By 12PM, the sun is strong enough to cut through the haze and can transform some pollutants. Sunlight triggers hundreds of different types of reactions and creates different byproducts.
By 4PM, the wind picks up a bit. The wind can take away the pollution. Or bring it to you if you are downwind!
As you can see the weather plays a significant role. So to model pollution, you plugin in an emissions inventory into a weather model and see where the pollution goes.
These models are called chemical transport models. If you want to learn more about this you can try this online course or many others like it.
These models are highly complicated and building them is best done through collaborative efforts of many scientists. The most commonly used models are GEOS-Chem and WRF-Chem.
So you need an emissions inventory, weather forecasts (such as GFS) and the compute power to run GEOS-Chem or WRF-Chem.

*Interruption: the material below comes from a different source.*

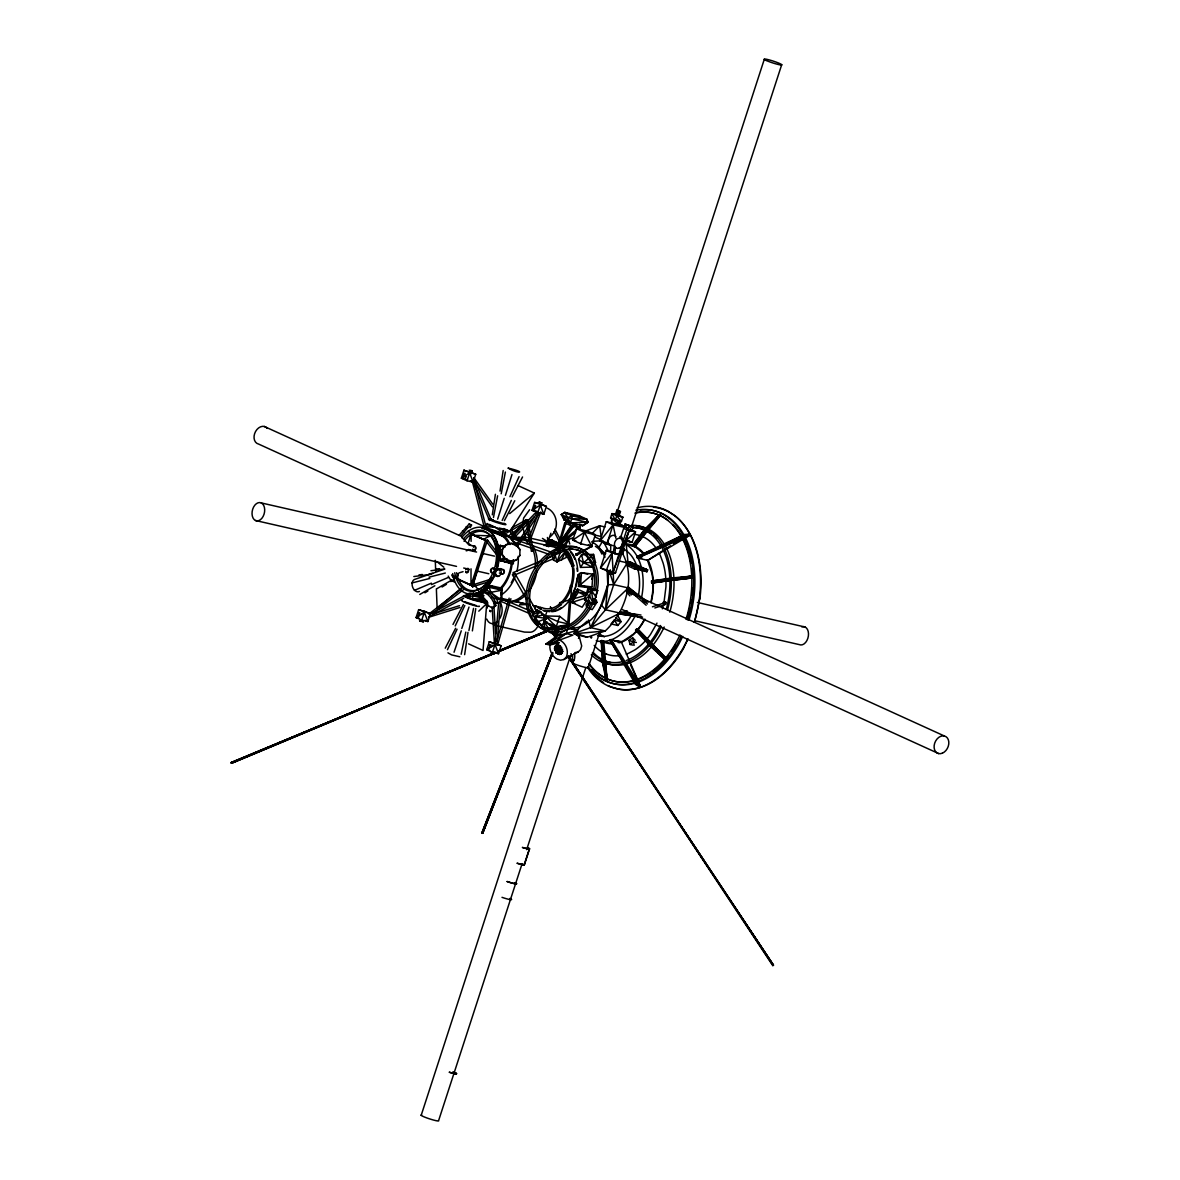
<?xml version="1.0" encoding="UTF-8"?>
<svg xmlns="http://www.w3.org/2000/svg" width="1180" height="1180" viewBox="0 0 1180 1180"><rect width="100%" height="100%" fill="white"/><g stroke="black" fill="none" stroke-linecap="round" stroke-linejoin="round"><path stroke-width="1.5" d="M468.327 542.638L471.115 534.038L487.207 540.986L472.678 585.678L470.982 585.295L471.026 568.819M471.1 541.369L471.115 534.038L487.207 540.986L471.115 534.038M458.268 573.583L456.586 578.746L472.678 585.678L472.693 582.02M519.997 555.234L516.398 560.087L510.97 561.606L505.556 559.703L502.223 555.087L502.238 549.511L505.837 544.659L511.25 543.125L516.678 545.027L520.011 549.659L519.76 555.677M502.223 555.087L502.474 549.054M569.35 628.557L572.226 628.822L572.241 626.801L574.159 627.834L574.159 629.855M619.028 516.014L619.102 511.309L616.83 510.276L615.4 514.672L619.028 516.014L620.459 511.619L616.83 510.276L617.671 515.704L619.102 511.309L620.459 511.619L616.83 510.276M505.188 533.773L527.46 521.295L526.486 519.746L526.811 520.97L527.77 520.69L526.59 519.643L512.268 527.667M610.444 570.147L609.868 573.716L612.995 572.108L629.22 530.366L615.577 572.698L612.45 574.306L609.868 573.716L609.986 570.132M610.562 552.211L610.798 545.042M611.491 523.537L611.653 518.168L617.937 523.846L627.288 528.109L613.113 572.153L600.532 567.978L606.255 550.381L618.822 554.556L606.255 550.381M637.141 596.106L627.362 588.628L628.085 587.286L648.115 602.198M457.176 578.908L458.179 580.118L458.725 578.908M513.477 560.117L513.3 563.538L511.884 563.893L499.819 560.323L498.712 545.691L504.981 546.428M557.388 631.698L555.588 636.286L556.208 626.875L559.63 616.314L545.455 615.916L546.738 611.963M578.48 586.357L579.395 573.569L581.475 572.669L592.906 574.129L591.976 586.932L589.897 587.817L578.48 586.357L592.906 574.129L591.77 579.262M567.536 625.887L569.586 598.437M570.264 589.292L570.53 585.634L571.695 585.56L568.893 626.093M479.006 600.06L486.706 603.585L483.033 650.475L468.549 643.838M593.26 558.022L593.54 554.379L581.534 554.718L578.539 559.379L580.53 567.418L592.522 567.093L595.531 562.432L593.54 554.379L583.525 562.757L580.53 567.418M541.532 560.707L513.064 572.639L514.023 575.132M495.202 642.805L498.668 602.892M496.839 644.959L501.426 592.331M554.526 648.867L554.703 646.935L556.945 644.752L560.323 645.814L562.772 651.449L561.09 654.295L557.801 654.074L554.526 648.867L556.237 652.761L559.526 654.605M556.945 644.752L556.237 652.761L561.09 654.295M534.555 620.061L534.909 616.712L540.632 611.683L546.428 618.482L541.974 625.341L538.404 623.719L534.555 620.061L538.124 621.683L541.974 625.341M614.824 554.231L615.562 547.077M490.349 611.137C489.331 610.355 491.632 612.125 489.685 610.753M464.625 654.635L467.988 632.362M472.369 630.887L475.747 608.6M492.311 514.849L495.408 494.287M500.055 491.101L503.167 470.525M522.888 522.828L523.669 517.99L529.628 509.716M613.335 552.343L614.19 547.004M651.154 601.018L652.378 594.145A50.401 33.35 -77.1 0 0 652.924 582.153M664.03 602.154L665.933 586.917A62.024 41.049 -77.1 0 0 663.116 563.096L660.608 556.208A61.493 40.695 -77.1 0 0 659.089 553.037M699.784 598.732L694.607 622.081M493.461 517.533L497.621 495.792M501.205 493.786L505.379 472.059M582.994 518.477L579.056 515.69L572.492 515.94L570.486 522.873L582.728 525.661L588.23 522.194L586.77 519.2L579.056 515.69L564.778 512.43L561.326 514.583L564.247 520.041L570.486 522.873L588.23 522.194M472.915 535.042C472.162 533.508 472.826 533.714 472.59 535.042M461.159 654.266L465.79 632.111M468.917 630.518L473.534 608.379M591.165 603.039L593.54 604.116L597.729 590.487L594.159 588.864L587.788 588.864L584.557 599.838L589.971 602.493L584.557 599.838L589.484 595.723L591.357 590.487L597.729 590.487L587.788 588.864L588.333 592.272M596.21 597.183L591.357 590.487L585.914 594.101L589.484 595.723L588.127 601.461L593.54 604.116L591.357 590.487L587.788 588.864M662.364 608.821L663.278 605.502M472.678 585.678L485.511 540.587L470.982 585.295L456.586 578.746L458.459 573.628M496.721 641.256L509.141 598.157M497.518 645.239L510.911 598.688M558.627 644.87L556.237 652.761L562.24 653.189M575.796 532.018L558.966 545.824L558.184 545.396L564.748 522.784L566.046 523.242L560.78 540.366M553.464 560.175L555.116 554.939L566.371 549.939L566.061 557.624L557.034 561.813L553.464 560.175L551.547 553.317M497.65 519.126L504.214 498.314M505.409 495.379L511.973 474.567M418.664 609.647L416.083 617.568L421.747 620.134L427.868 621.536L430.435 613.615L418.664 609.647L430.435 613.615M463.947 470.274L461.365 478.195L467.029 480.762L473.15 482.163L475.732 474.242L463.947 470.274L475.732 474.242M421.747 620.134L424.771 611.034M489.317 641.802L486.735 649.723L492.399 652.289L498.521 653.691L501.102 645.77L489.317 641.802L501.102 645.77M537.697 512.931L540.72 503.816L534.599 502.429L532.018 510.35L543.803 514.318L546.384 506.397L542.136 504.465M492.399 652.289L495.423 643.189M547.343 546.296L548.449 542.859M559.526 543.832L549.733 539.747L549.438 540.632L552.447 540.381L558.494 543.125M548.479 546.665L549.6 543.198L547.904 542.417L547.609 543.302L552.579 544.526L547.609 543.302L562.757 545.898M547.49 539.245L552.447 540.381L552.166 541.251L558.332 543.611M572.285 526.546L571.135 525.749L558.096 545.293L559.128 545.676L572.285 526.546L572.521 523.345L567.846 521.206M576.519 528.655L572.802 540.101L580.737 543.715L591.608 546.192L595.325 534.747L587.404 531.133L576.519 528.655L584.454 532.269L595.325 534.747M580.678 525.203L579.823 527.844L571.666 525.985L565.441 523.138L566.297 520.498L571.666 525.985M580.737 543.715L584.454 532.269L587.404 531.133M606.269 521.722L613.069 524.82L623.94 527.298L617.14 524.2L606.269 521.722L599.971 541.089L606.771 544.172L614.544 545.957M616.491 514.672L611.963 513.639L610.532 518.035L621.388 521.604L622.819 517.209L619.618 515.749M421.172 1115.351L570.574 655.549M616.019 515.69L764.271 59.383M609.868 573.716L615.577 572.698L606.314 570.604L613.054 551.93M620.267 538.596L625.09 524.156L633.129 526.885L631.713 531.28L623.659 528.552M574.262 633.336L590.59 627.642L601.21 605.001L607.788 584.764L607.154 570.663M522.121 863.627L438.606 1120.617A9.307 0.944 18 0 1 429.092 1118.714A9.307 0.944 18 0 1 421.584 1114.982M526.663 849.63L585.737 667.806M622.657 554.172L624.368 548.921M626.064 543.685L627.2 540.189M631.743 526.192L781.721 64.649M524.259 864.601L529.407 848.759M599.779 632.111L588.274 667.541A9.307 0.944 18 0 1 582.728 666.744A9.307 0.944 18 0 1 572.639 663.219M524.422 864.66L529.569 848.818M575.87 634.648L587.242 637.244L605.207 630.976C625.975 611.771 636.61 577.286 621.624 551.842M663.647 601.682L663.072 603.437L664.207 603.953L665.564 604.263L666.139 602.508L663.647 601.682L666.139 602.508M663.676 603.29L664.738 604.706L664.856 603.128M499.494 528.124L502.474 528.802L505.438 534.334L504.568 536.959L482.812 527.962L483.24 526.649L488.771 524.245L493.447 526.383M461.793 628.468L469.006 607.066M454.049 652.23L461.262 630.813M500.895 593.496L502.016 588.215L489.11 585.265L479.021 592.286L479.301 594.44L482.605 596.048M552.727 553.863L555.116 554.939L557.034 561.813L560.471 551.916L558.096 550.824M546.237 546.296L550.913 533.242M568.17 627.966L566.12 633.557L555.101 641.743L545.868 644.103L549.954 645.032L559.173 642.672L555.101 641.743L572.92 635.106L566.12 633.557L556.886 635.917L545.868 644.103L559.173 642.672M558.804 630.769L556.886 635.917L565.353 629.958M526.87 543.7L537.755 514.687M528.625 544.304L540.794 511.884M470.053 471.661L467.029 480.762L467.487 479.582M622.14 548.966L629.235 530.38M486.455 540.809C488.284 538.582 488.284 543.552 486.249 541.355L497.252 555.529M482.31 832.593L482.119 833.316L552.668 653.661L482.664 833.331L551.871 653.735M560.058 548.036L562.27 547.077M540.868 607.243L541.163 609.175M482.119 833.316L552.727 652.437L482.664 833.331L481.912 832.859L551.856 653.691M481.912 832.859L551.547 655.151M554.998 629.928L556.208 626.875L568.111 624.633M587.891 601.726L586.018 604.662L586.637 607.081L589.336 600.591M586.829 599.927L582.153 607.228L571.813 602.449L577.581 589.13L586.445 593.23M624.692 541.915L625.887 542.874L624.279 542.874M626.034 542.52L628.07 562.934L626.315 563.273M509.922 496.677L519.082 476.617M502.178 520.424L511.324 500.364M455.215 625.961L464.817 605.473M447.456 649.693L457.058 629.206M565.486 545.883L568.524 539.408L573.421 537.711M561.444 560.161L566.371 549.939L563.996 548.862M684.105 647.009L688.043 639M656.98 623.084L650.505 634.398A62.024 41.049 -77.1 0 1 646.699 639.324M512.135 496.928L522.548 476.986M504.376 520.66L514.79 500.733M453.002 624.441L463.401 604.499M445.244 648.189L455.657 628.247M470.215 527.549L471.558 525.041L469.168 523.964L459.345 535.012L460.746 536.207L467.649 527.829L471.558 525.041M520.011 549.659L516.427 545.47L511.014 543.567L505.586 545.101L502.238 549.511M421.939 613.969L421.083 614.588M516.398 560.087L511.22 561.178L505.807 559.261L502.459 554.63M567.919 656.478L773.475 965.107L772.753 965.594L568.2 656.272L773.431 965.166L772.753 965.594M549.821 627.642L552.845 629.014L554.939 625.194M560.323 645.814L556.237 652.761L562.772 651.449M501.294 529.127L509.908 531.354L534.348 493.063L518.271 485.673M571.017 599.351L577.581 589.13L578.362 592.213L571.813 602.449L574.985 603.01M586.637 607.081L589.44 602.7M515.985 545.485L537.608 512.076M517.489 546.458L539.098 513.079M497.636 553.037L487.724 540.293L486.573 541.296M574.173 653.587C575.796 655.062 573.908 664.193 572.787 660.092M526.59 519.643L526.9 521.029M571.12 527.652L557.978 544.924L558.804 545.735L558.155 544.732L579.188 527.475L580 528.566L579.188 527.475M562.432 541.325L574.483 525.498M648.203 529.201L659.443 514.701L644.855 529.024L633.365 546.311L634.707 546.62L645.962 532.106M625.194 526.575L617.937 523.846L619.913 521.339L613.069 518.802M557.034 561.813L566.371 549.939L560.058 550.175M651.567 524.259L653.823 521.53M656.065 518.787L659.443 514.701L645.991 529.54L633.365 546.311L660.594 515.218L645.991 529.54L644.855 529.024L632.229 545.794L641.699 534.982M634.707 546.62L660.594 515.218M590.531 637.244L591.313 638.159L591.8 637.053M575.914 554.143L576.548 555.382L591.947 546.148L575.914 554.143L576.548 555.382M591.269 545.691L591.918 546.93M555.647 631.374L553.391 634.058L548.848 631.993M615.547 617.76L621.019 621.683L614.22 620.134L611.034 623.925L617.833 625.474L621.019 621.683L618.231 616.373M561.665 547.579L568.524 539.408L569.748 544.039M526.649 599.499L512.385 574.719L514.598 573.377M549.851 536.929C559.63 529.687 558.14 513.477 547.284 508.152M652.348 522.814L659.443 514.701M558.966 545.824L558.155 544.732M489.656 610.34L490.467 611.756L490.865 610.679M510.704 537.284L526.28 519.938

After this you need data delivery mechanisms to use the gridded output and transform them to various useful summaries.
This is a tall order. The Indian Institute of Tropical Meteorology, Pune runs the SAFAR model. But access to the model inputs or outputs is difficult outside the research community.
Urban Emissions runs India-level and, more granular, city-level models. We have partnered with them to build pipelines to help customers use the output data in their workflows and also to validate their outputs against measurements from pollution monitors.
What do these models help us do?
They help us work out where the pollutants you breathe in, come from. For example, we can identify that crop burning in Punjab contributes to XX% of pollution in Delhi in the winter and vehicles, YY%.
This allows planners to correctly prioritize actions that have the biggest impact.
It answers questions like: is moving to EVs in Delhi more impactful than buying crop-waste from Punjab? Or do we need to do both of these to have a meaningful outcome?